MRI makes it possible to examine the aorta noninvasively without contrast medium or radiation exposure. As in CT, all portions of the aorta should be evaluated. Accurate caliber measurements can be performed on black-blood images. One disadvantage of black-blood imaging is its susceptibility to slow-flow artifacts, which can sometimes mimic thrombus and intimal flaps. For this reason, a bright-blood sequence (e. g., SSFP sequence) should be added so that an accurate assessment can be made (Fig. 13.12). Contrast-enhanced MRA permits three-dimensional visualization of the aorta and has almost completely replaced conventional angiography in aortic investigations. It should be noted, however, that MRA is a luminographic technique and, as such, can image only the perfused lumen; it cannot evaluate the aortic wall or mural thrombosis. For this reason, MRA should always be performed in conjunction with black- or bright-blood sequences.

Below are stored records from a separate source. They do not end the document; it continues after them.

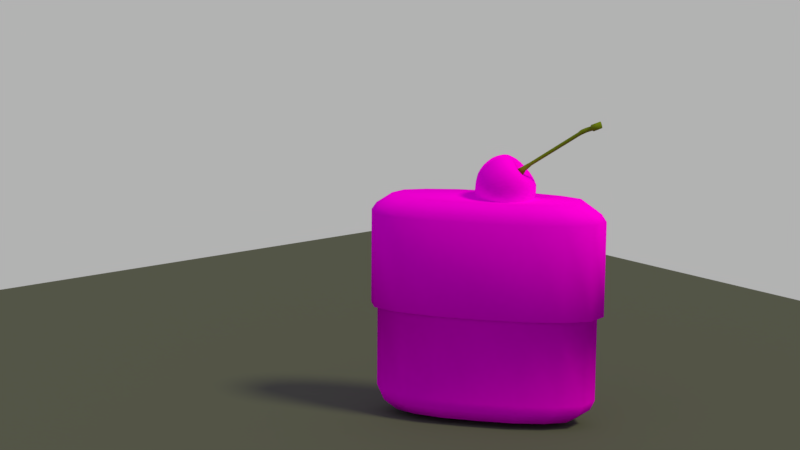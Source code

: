 # Source: torta.blend  (saved by Blender 2.79.0; exported with 4.5.12 LTS)
import bpy
from mathutils import Matrix  # noqa: F401  (used for matrix-valued properties, if any)

bpy.ops.wm.read_factory_settings(use_empty=True)
scene = bpy.context.scene
scene.name = 'Scene'

# ---- collections
col_collection_1 = bpy.data.collections.new('Collection 1'); scene.collection.children.link(col_collection_1)

# ---- images (referenced by path relative to the original .blend; pixels are not part of the script)
import os
ASSET_DIR = os.environ.get("B2B_ASSET_DIR", "")  # directory of the original .blend (textures are referenced by path, not embedded)
HERE = os.path.dirname(os.path.abspath(__file__))  # packed textures are extracted next to this script under _unpacked/

def load_image(name, relpath, width, height, colorspace="sRGB"):
    """Load a texture the original file referenced (path relative to the .blend, or extracted next to this script)."""
    p = next((c for c in (os.path.join(HERE, relpath), os.path.join(ASSET_DIR, relpath)) if relpath and os.path.exists(c)), "")
    if p:
        img = bpy.data.images.load(p, check_existing=True)
        img.name = name
    else:  # same state as the original file: an image datablock whose file is absent (Cycles renders it pink)
        img = bpy.data.images.new(name, width, height)
        img.source = "FILE"
        img.filepath = "//" + (relpath or name)
    img.colorspace_settings.name = colorspace
    return img
img_layercaketext_jpg = load_image('LayerCaketext.jpg', 'LayerCaketext.jpg', 1024, 1024, 'sRGB')

# ---- materials (node trees are filled in below, after node groups)
mat_material_007 = bpy.data.materials.new('Material.007')
mat_material_007.alpha_threshold = 0.0
mat_material_007.roughness = 0.5
mat_material_003 = bpy.data.materials.new('Material.003')
mat_material_003.alpha_threshold = 0.0
mat_material_003.roughness = 0.5
mat_material_005 = bpy.data.materials.new('Material.005')
mat_material_005.alpha_threshold = 0.0
mat_material_005.roughness = 0.5

# ---- material node trees
mat_material_007.use_nodes = True; mat_material_007.node_tree.nodes.clear()
_N = mat_material_007.node_tree.nodes; _L = mat_material_007.node_tree.links
n0 = _N.new('ShaderNodeOutputMaterial'); n0.name = 'Material Output'; n0.location = (300, 300)
n1 = _N.new('ShaderNodeBsdfDiffuse'); n1.name = 'Diffuse BSDF'; n1.location = (10, 300)
n2 = _N.new('ShaderNodeTexImage'); n2.name = 'Image Texture'; n2.location = (-180, 300)
n2.width = 140
n2.image = img_layercaketext_jpg
_L.new(n1.outputs[0], n0.inputs[0])
_L.new(n2.outputs[0], n1.inputs[0])
n0.is_active_output = True
mat_material_003.use_nodes = True; mat_material_003.node_tree.nodes.clear()
_N = mat_material_003.node_tree.nodes; _L = mat_material_003.node_tree.links
n0 = _N.new('ShaderNodeOutputMaterial'); n0.name = 'Material Output'; n0.location = (300, 300)
n1 = _N.new('ShaderNodeBsdfDiffuse'); n1.name = 'Diffuse BSDF'; n1.location = (10, 300)
n1.inputs[0].default_value = (0.09463, 0.09463, 0.09463, 1.0)
_L.new(n1.outputs[0], n0.inputs[0])
n0.is_active_output = True
mat_material_005.use_nodes = True; mat_material_005.node_tree.nodes.clear()
_N = mat_material_005.node_tree.nodes; _L = mat_material_005.node_tree.links
n0 = _N.new('ShaderNodeOutputMaterial'); n0.name = 'Material Output'; n0.location = (300, 300)
n1 = _N.new('ShaderNodeBsdfDiffuse'); n1.name = 'Diffuse BSDF'; n1.location = (10, 300)
n1.inputs[0].default_value = (0.159, 0.2016, 0.01229, 1.0)
_L.new(n1.outputs[0], n0.inputs[0])
n0.is_active_output = True

# ---- world
world_world = bpy.data.worlds.new('World'); scene.world = world_world
world_world.use_nodes = True; world_world.node_tree.nodes.clear()
_N = world_world.node_tree.nodes; _L = world_world.node_tree.links
n0 = _N.new('ShaderNodeOutputWorld'); n0.name = 'World Output'; n0.location = (300, 300)
n1 = _N.new('ShaderNodeBackground'); n1.name = 'Background'; n1.location = (10, 300)
n1.inputs[0].default_value = (0.448, 0.448, 0.448, 1.0)
_L.new(n1.outputs[0], n0.inputs[0])
n0.is_active_output = True
world_world.color = (0.05088, 0.05088, 0.05088)
world_world.use_sun_shadow = False
world_world.sun_shadow_jitter_overblur = 0.0
world_world.cycles.sampling_method = 'MANUAL'

# ---- cameras
cam_camera = bpy.data.cameras.new('Camera')
cam_camera.clip_end = 100.0
cam_camera.lens = 76.04
cam_camera.sensor_width = 32.0
cam_camera.sensor_height = 18.0
cam_camera.ortho_scale = 7.314
cam_camera.dof.focus_distance = 0.0

# ---- lights
light_lamp = bpy.data.lights.new('Lamp', 'SUN')
light_lamp.color = (0.9335, 1.0, 0.417)
light_lamp.transmission_factor = 0.0
light_lamp.cutoff_distance = 30.0
light_lamp.angle = 0.1993
light_lamp.energy = 2.0
light_lamp.shadow_buffer_clip_start = 1.001
light_lamp.shadow_soft_size = 0.1
light_lamp.shadow_cascade_max_distance = 1000.0

# ---- meshes
me_cylinder = bpy.data.meshes.new('Cylinder')
me_cylinder.from_pydata([(7.411e-09, 2.223e-09, -1.0), (0.0, 0.0, 0.8534), (7.411e-09, 0.7886, -1.0), (6.603e-09, 0.8228, 0.8534), (0.3018, 0.7765, -1.0), (0.3149, 0.8081, 0.8534), (0.5576, 0.6262, -1.0), (0.5818, 0.6533, 0.8534), (0.7286, 0.3941, -1.0), (0.7601, 0.4112, 0.8534), (0.7886, -3.225e-08, -1.0), (0.8228, -3.398e-08, 0.8534), (0.7286, -0.3941, -1.0), (0.7601, -0.4112, 0.8534), (0.5576, -0.6262, -1.0), (0.5818, -0.6533, 0.8534), (0.3018, -0.7669, -1.0), (0.3149, -0.7985, 0.8534), (1.265e-07, -0.7886, -1.0), (1.308e-07, -0.8228, 0.8534), (-0.3018, -0.7669, -1.0), (-0.3149, -0.7985, 0.8534), (-0.5576, -0.6262, -1.0), (-0.5818, -0.6533, 0.8534), (-0.7286, -0.3941, -1.0), (-0.7601, -0.4112, 0.8534), (-0.7886, 1.163e-08, -1.0), (-0.8228, 1.179e-08, 0.8534), (-0.7286, 0.3941, -1.0), (-0.7601, 0.4112, 0.8534), (-0.5576, 0.6262, -1.0), (-0.5818, 0.6533, 0.8534), (-0.3018, 0.7765, -1.0), (-0.3149, 0.8081, 0.8534), (0.0, 1.0, -0.1066), (0.3827, 0.9718, -0.1066), (0.7071, 0.794, -0.1066), (0.9239, 0.4997, -0.1066), (1.0, -4.371e-08, -0.1066), (0.9239, -0.4997, -0.1066), (0.7071, -0.794, -0.1066), (0.3827, -0.9622, -0.1066), (1.51e-07, -1.0, -0.1066), (-0.3827, -0.9622, -0.1066), (-0.7071, -0.794, -0.1066), (-0.9239, -0.4997, -0.1066), (-1.0, 1.192e-08, -0.1066), (-0.9239, 0.4997, -0.1066), (-0.7071, 0.794, -0.1066), (-0.3827, 0.9718, -0.1066), (0.3612, 0.92, -0.1066), (0.6674, 0.7494, -0.1066), (0.872, 0.4717, -0.1066), (0.9439, -4.084e-08, -0.1066), (0.872, -0.4717, -0.1066), (0.6674, -0.7494, -0.1066), (0.3612, -0.9104, -0.1066), (1.446e-07, -0.9439, -0.1066), (-0.3612, -0.9104, -0.1066), (-0.6674, -0.7494, -0.1066), (-0.872, -0.4717, -0.1066), (-0.9439, 1.167e-08, -0.1066), (-0.872, 0.4717, -0.1066), (-0.6674, 0.7494, -0.1066), (-0.3612, 0.92, -0.1066), (2.09e-09, 0.9439, -0.1066), (0.3615, 0.9207, -0.8345), (0.668, 0.7501, -0.8345), (0.8728, 0.4721, -0.8345), (0.9447, -4.071e-08, -0.8345), (0.8728, -0.4721, -0.8345), (0.668, -0.7501, -0.8345), (0.3615, -0.9111, -0.8345), (1.471e-07, -0.9447, -0.8345), (-0.3615, -0.9111, -0.8345), (-0.668, -0.7501, -0.8345), (-0.8728, -0.4721, -0.8345), (-0.9447, 1.185e-08, -0.8345), (-0.8728, 0.4721, -0.8345), (-0.668, 0.7501, -0.8345), (-0.3615, 0.9207, -0.8345), (4.431e-09, 0.9447, -0.8345), (0.3468, 0.8852, -0.9172), (0.6408, 0.7196, -0.9172), (0.8373, 0.4529, -0.9172), (0.9063, -3.815e-08, -0.9172), (0.8373, -0.4529, -0.9172), (0.6408, -0.7196, -0.9172), (0.3468, -0.8756, -0.9172), (1.39e-07, -0.9063, -0.9172), (-0.3468, -0.8756, -0.9172), (-0.6408, -0.7196, -0.9172), (-0.8373, -0.4529, -0.9172), (-0.9063, 1.227e-08, -0.9172), (-0.8373, 0.4529, -0.9172), (-0.6408, 0.7196, -0.9172), (-0.3468, 0.8852, -0.9172), (2.171e-09, 0.9063, -0.9172), (0.0, 1.0, 0.7002), (0.3827, 0.9718, 0.7002), (0.7071, 0.794, 0.7002), (0.9239, 0.4997, 0.7002), (1.0, -4.371e-08, 0.7002), (0.9239, -0.4997, 0.7002), (0.7071, -0.794, 0.7002), (0.3827, -0.9622, 0.7002), (1.51e-07, -1.0, 0.7002), (-0.3827, -0.9622, 0.7002), (-0.7071, -0.794, 0.7002), (-0.9239, -0.4997, 0.7002), (-1.0, 1.192e-08, 0.7002), (-0.9239, 0.4997, 0.7002), (-0.7071, 0.794, 0.7002), (-0.3827, 0.9718, 0.7002), (1.511e-09, 0.9594, 0.7615), (0.3672, 0.9343, 0.7615), (0.6784, 0.7618, 0.7615), (0.8864, 0.4795, 0.7615), (0.9594, -4.149e-08, 0.7615), (0.8864, -0.4795, 0.7615), (0.6784, -0.7618, 0.7615), (0.3672, -0.9248, 0.7615), (1.464e-07, -0.9594, 0.7615), (-0.3672, -0.9248, 0.7615), (-0.6784, -0.7618, 0.7615), (-0.8864, -0.4795, 0.7615), (-0.9594, 1.189e-08, 0.7615), (-0.8864, 0.4795, 0.7615), (-0.6784, 0.7618, 0.7615), (-0.3672, 0.9343, 0.7615)], [], [(0, 2, 4), (1, 5, 3), (114, 3, 5, 115), (0, 4, 6), (1, 7, 5), (115, 5, 7, 116), (0, 6, 8), (1, 9, 7), (116, 7, 9, 117), (0, 8, 10), (1, 11, 9), (117, 9, 11, 118), (0, 10, 12), (1, 13, 11), (118, 11, 13, 119), (0, 12, 14), (1, 15, 13), (119, 13, 15, 120), (0, 14, 16), (1, 17, 15), (120, 15, 17, 121), (0, 16, 18), (1, 19, 17), (121, 17, 19, 122), (0, 18, 20), (1, 21, 19), (122, 19, 21, 123), (0, 20, 22), (1, 23, 21), (123, 21, 23, 124), (0, 22, 24), (1, 25, 23), (124, 23, 25, 125), (0, 24, 26), (1, 27, 25), (125, 25, 27, 126), (0, 26, 28), (1, 29, 27), (126, 27, 29, 127), (0, 28, 30), (1, 31, 29), (127, 29, 31, 128), (0, 30, 32), (1, 33, 31), (128, 31, 33, 129), (0, 32, 2), (1, 3, 33), (129, 33, 3, 114), (64, 49, 34, 65), (63, 48, 49, 64), (62, 47, 48, 63), (61, 46, 47, 62), (60, 45, 46, 61), (59, 44, 45, 60), (58, 43, 44, 59), (57, 42, 43, 58), (56, 41, 42, 57), (55, 40, 41, 56), (54, 39, 40, 55), (53, 38, 39, 54), (52, 37, 38, 53), (51, 36, 37, 52), (50, 35, 36, 51), (65, 34, 35, 50), (81, 65, 50, 66), (66, 50, 51, 67), (67, 51, 52, 68), (68, 52, 53, 69), (69, 53, 54, 70), (70, 54, 55, 71), (71, 55, 56, 72), (72, 56, 57, 73), (73, 57, 58, 74), (74, 58, 59, 75), (75, 59, 60, 76), (76, 60, 61, 77), (77, 61, 62, 78), (78, 62, 63, 79), (79, 63, 64, 80), (80, 64, 65, 81), (96, 80, 81, 97), (95, 79, 80, 96), (94, 78, 79, 95), (93, 77, 78, 94), (92, 76, 77, 93), (91, 75, 76, 92), (90, 74, 75, 91), (89, 73, 74, 90), (88, 72, 73, 89), (87, 71, 72, 88), (86, 70, 71, 87), (85, 69, 70, 86), (84, 68, 69, 85), (83, 67, 68, 84), (82, 66, 67, 83), (97, 81, 66, 82), (2, 97, 82, 4), (4, 82, 83, 6), (6, 83, 84, 8), (8, 84, 85, 10), (10, 85, 86, 12), (12, 86, 87, 14), (14, 87, 88, 16), (16, 88, 89, 18), (18, 89, 90, 20), (20, 90, 91, 22), (22, 91, 92, 24), (24, 92, 93, 26), (26, 93, 94, 28), (28, 94, 95, 30), (30, 95, 96, 32), (32, 96, 97, 2), (49, 113, 98, 34), (48, 112, 113, 49), (47, 111, 112, 48), (46, 110, 111, 47), (45, 109, 110, 46), (44, 108, 109, 45), (43, 107, 108, 44), (42, 106, 107, 43), (41, 105, 106, 42), (40, 104, 105, 41), (39, 103, 104, 40), (38, 102, 103, 39), (37, 101, 102, 38), (36, 100, 101, 37), (35, 99, 100, 36), (34, 98, 99, 35), (113, 129, 114, 98), (112, 128, 129, 113), (111, 127, 128, 112), (110, 126, 127, 111), (109, 125, 126, 110), (108, 124, 125, 109), (107, 123, 124, 108), (106, 122, 123, 107), (105, 121, 122, 106), (104, 120, 121, 105), (103, 119, 120, 104), (102, 118, 119, 103), (101, 117, 118, 102), (100, 116, 117, 101), (99, 115, 116, 100), (98, 114, 115, 99)])
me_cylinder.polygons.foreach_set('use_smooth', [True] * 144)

When the diameter of the aorta is enlarged, the maximum diameter should be measured perpendicular to the main direction of blood flow using the centerline method. This can be difficult in the presence of aortic elongation and kinking, and errors may result owing to measurements made in tangential scans. The slow blood-flow velocities in the aneurysm lumen may lead to spontaneous echo contrast as well as mural thrombus formation. The presence of spontaneous echo contrast and thrombi constitutes a significant risk factor for peripheral embolism. Luminographic techniques alone (conventional angiography and MRA) cannot accurately assess the maximum aortic diameter when mural thrombus is present. Often in the aorta it is difficult to distinguish between mural thrombus and intramural hematoma. This can be facilitated by evaluating wall thickening in relation to the aortic intima, which is frequently calcified or thickened in these patients. With mural thrombus, the calcified intima is located on the side opposite the aortic lumen. With intramural hematoma, on the other hand, bleeding into the media shifts the calcified intima toward the vessel lumen (luminal displacement of intimal calcium, Fig. 13.13).

Fig. 13.13 Contrast-enhanced CT in a patient with an intramural hematoma of the descending aorta. The intramural hemorrhage has caused luminal displacement of the calcified intima.